■ What is being asked: Check the data underneath for lines holding the word "blind", and state only how many you find.

──────── Working data

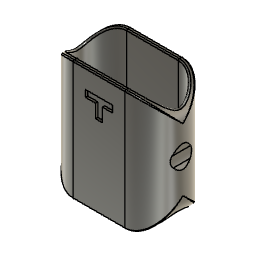
airpods (Autodesk Fusion 360 design; units mm, degrees)
Autodesk Fusion 360 part; units mm, degrees
note: some values were not read from the file. Set by a fixed rule: which sketch regions a step uses.
sketch "Sketch1" plane through (0, 0, 0) normal (0, 0, 1) x (1, 0, 0)
  line L0 (0, 0) -> (48.8, 0)
  line L1 (48.8, 0) -> (48.8, 25.8)
  line L2 (48.8, 25.8) -> (0, 25.8)
  line L3 (0, 25.8) -> (0, 0)
  dimension "d1" = 48.8
  dimension "d2" = 25.8
  constraint horizontal L0
  constraint vertical L1
  constraint horizontal L2
  constraint vertical L3
  constraint coincident L0.start L3.end
  measures "d1" distance of L0.start L0.end
  measures "d2" distance of L0.start L2.end
extrude "Extrude1" add sketch "Sketch1" along normal blind 53.5
fillet "Fillet1" radius 12.9 2 faces at (48.8, 8.6, 35.6667) (0, 17.2, 35.6667)
sketch "Sketch6" plane through (0, 0, 53.5) normal (0, 0, 1) x (-1, 0, 0)
  line L0 (-12.9, -25.8) -> (-12.9, 0)
  line L1 (-12.9, 0) -> (-35.9, 0)
  line L2 (-35.9, 0) -> (-35.9, -25.8)
  line L3 (-35.9, -25.8) -> (-12.9, -25.8)
  line L4 (-12.9, -23.8) -> (-35.9, -23.8)
  line L5 (-46.8, -12.9) -> (-46.8, -12.9)
  line L6 (-35.9, -2) -> (-12.9, -2)
  line L7 (-2, -12.9) -> (-2, -12.9)
  line L8 (0, -15.15) -> (0, -10.65)
  arc A0 (-12.9, -23.8) -> (-2, -12.9) centre (-12.9, -12.9) ccw
  arc A1 (-2, -12.9) -> (-12.9, -2) centre (-12.9, -12.9) ccw
  arc A2 (-46.8, -12.9) -> (-35.9, -23.8) centre (-35.9, -12.9) ccw
  arc A3 (-35.9, -2) -> (-46.8, -12.9) centre (-35.9, -12.9) ccw
  point P0 (-2, -23.8)
  point P1 (-46.8, -23.8)
  point P2 (-2, -2)
  dimension "d47" = 44.8
  dimension "d48" = 21.8
  dimension "d49" = 2
  dimension "d51" = 10.9
  dimension "d52" = 10.9
  dimension "d53" = 10.9
  dimension "d54" = 10.9
  constraint horizontal L4
  constraint horizontal L6
  constraint coincident P0 L4
  constraint tangent L4 A0
  constraint coincident P2 L6
  constraint coincident P2 L7
  constraint tangent L6 A1
  constraint coincident P1 L4
  constraint tangent L4 A2
  constraint tangent L6 A3
  measures "d47" distance of P0 P1
  measures "d48" distance of P0 P2
  measures "d49" distance of L3 L4
  measures "d51" radius of A0
  measures "d52" radius of A1
  measures "d53" radius of A2
  measures "d54" radius of A3
extrude "Extrude6" cut sketch "Sketch6" against normal blind 51.5 contours L0 L2 L4 L6 | L0 A0 A1 | L2 A2 A3
sketch "Sketch3" plane through (0, 0, 0) normal (0, -1, 0) x (1, 0, 0)
  line L0 (12.9, 0) -> (35.9, 0)
  line L1 (35.9, 0) -> (35.9, 53.5)
  line L2 (35.9, 53.5) -> (12.9, 53.5)
  line L3 (24.4, 45.004) -> (30.4, 45.004)
  line L4 (24.4, 45.004) -> (18.4, 45.004)
  line L5 (18.4, 45.004) -> (18.4, 42.004)
  line L6 (18.4, 42.004) -> (22.9, 42.004)
  line L7 (22.9, 42.004) -> (22.9, 36.004)
  line L8 (22.9, 36.004) -> (25.9, 36.004)
  line L9 (25.9, 36.004) -> (25.9, 42.004)
  line L10 (25.9, 42.004) -> (30.4, 42.004)
  line L11 (30.4, 42.004) -> (30.4, 45.004)
  line L12 (12.9, 53.5) -> (12.9, 0)
  dimension "d17" = 6
  dimension "d18" = 6
  dimension "d19" = 3
  dimension "d20" = 4.5
  dimension "d21" = 6
  dimension "d22" = 3
  dimension "d23" = 4.5
  dimension "d57" = 10
  constraint parallel L3 L4
  constraint perpendicular L4 L5
  constraint perpendicular L5 L6
  constraint perpendicular L6 L7
  constraint perpendicular L7 L8
  constraint perpendicular L8 L9
  constraint perpendicular L9 L10
  measures "d17" distance of L3.start L3.end
  measures "d18" distance of L3.start L4.end
  measures "d19" distance of L4.end L5.end
  measures "d20" distance of L5.end L6.end
  measures "d21" distance of L6.end L7.end
  measures "d22" distance of L7.end L8.end
  measures "d23" distance of L9.end L10.end
  measures "d57" distance of L1 L9
extrude "Extrude7" cut sketch "Sketch3" against normal blind 1 contours L3 L4 L5 L6 L7 L8 L9 L10 L11
fillet "Fillet4" radius 0.5 4 edges at (24.4, 2, 53.5) (2, 12.9, 47.4993) (24.4, 23.8, 53.5) (46.8, 12.9, 47.4993)
fillet "Fillet5" radius 0.5 6 edges at (3.7783, 3.7783, 49.7217) (24.4, 0, 53.5) (45.0217, 3.7783, 49.7217) (45.0217, 22.0217, 49.7217) (24.4, 25.8, 53.5) (3.7783, 22.0217, 49.7217)
sketch "Sketch7" plane through (0, 0, 0) normal (0, -1, 0) x (1, 0, 0)
  line L0 (35.9, 53) -> (12.9, 53)
  line L1 (12.9, 53) -> (12.9, 0)
  line L2 (12.9, 0) -> (35.9, 0)
  line L3 (35.9, 0) -> (35.9, 53)
  line L4 (18.4, 42.004) -> (18.4, 45.004)
  line L5 (18.4, 45.004) -> (30.4, 45.004)
  line L6 (30.4, 45.004) -> (30.4, 42.004)
  line L7 (30.4, 42.004) -> (25.9, 42.004)
  line L8 (25.9, 42.004) -> (25.9, 36.004)
  line L9 (25.9, 36.004) -> (22.9, 36.004)
  line L10 (22.9, 36.004) -> (22.9, 42.004)
  line L11 (22.9, 42.004) -> (18.4, 42.004)
  line L12 (0, 28) -> (0, 33)
  line L13 (0, 28) -> (0, 23)
  line L14 (0, 23) -> (0.5681, 25.1202)
  line L15 (0.6856, 29.8094) -> (0, 33)
  arc A0 (0.5681, 25.1202) -> (0.6856, 29.8094) centre (-9.0911, 27.7084) ccw
  dimension "d64" = 5
  dimension "d65" = 5
  dimension "d66" = 15
  dimension "d67" = 10
  constraint vertical L12
  constraint parallel L12 L13
  constraint tangent L14 A0
  constraint tangent L15 A0
  measures "d64" distance of L12.start L12.end
  measures "d65" distance of L12.start L13.end
  measures "d66" angle of L13 L14
  measures "d67" radius of A0
extrude "Extrude8" cut sketch "Sketch7" against normal blind 100 contours L12 L13 L14 L15 A0
ref_plane "WorkPlane2" through (24.4, 0, 0) normal (1, 0, 0) x (0, 1, 0)
mirror "Mirror2" about plane through (24.4, 0, 0) normal (1, 0, 0) of "Extrude8"
fillet "Fillet6" radius 0.5 6 edges at (3.7783, 3.7783, 3.7783) (24.4, 0, 0) (45.0217, 3.7783, 3.7783) (45.0217, 22.0217, 3.7783) (24.4, 25.8, 0) (3.7783, 22.0217, 3.7783)

────────────────

■ Expected answer: 4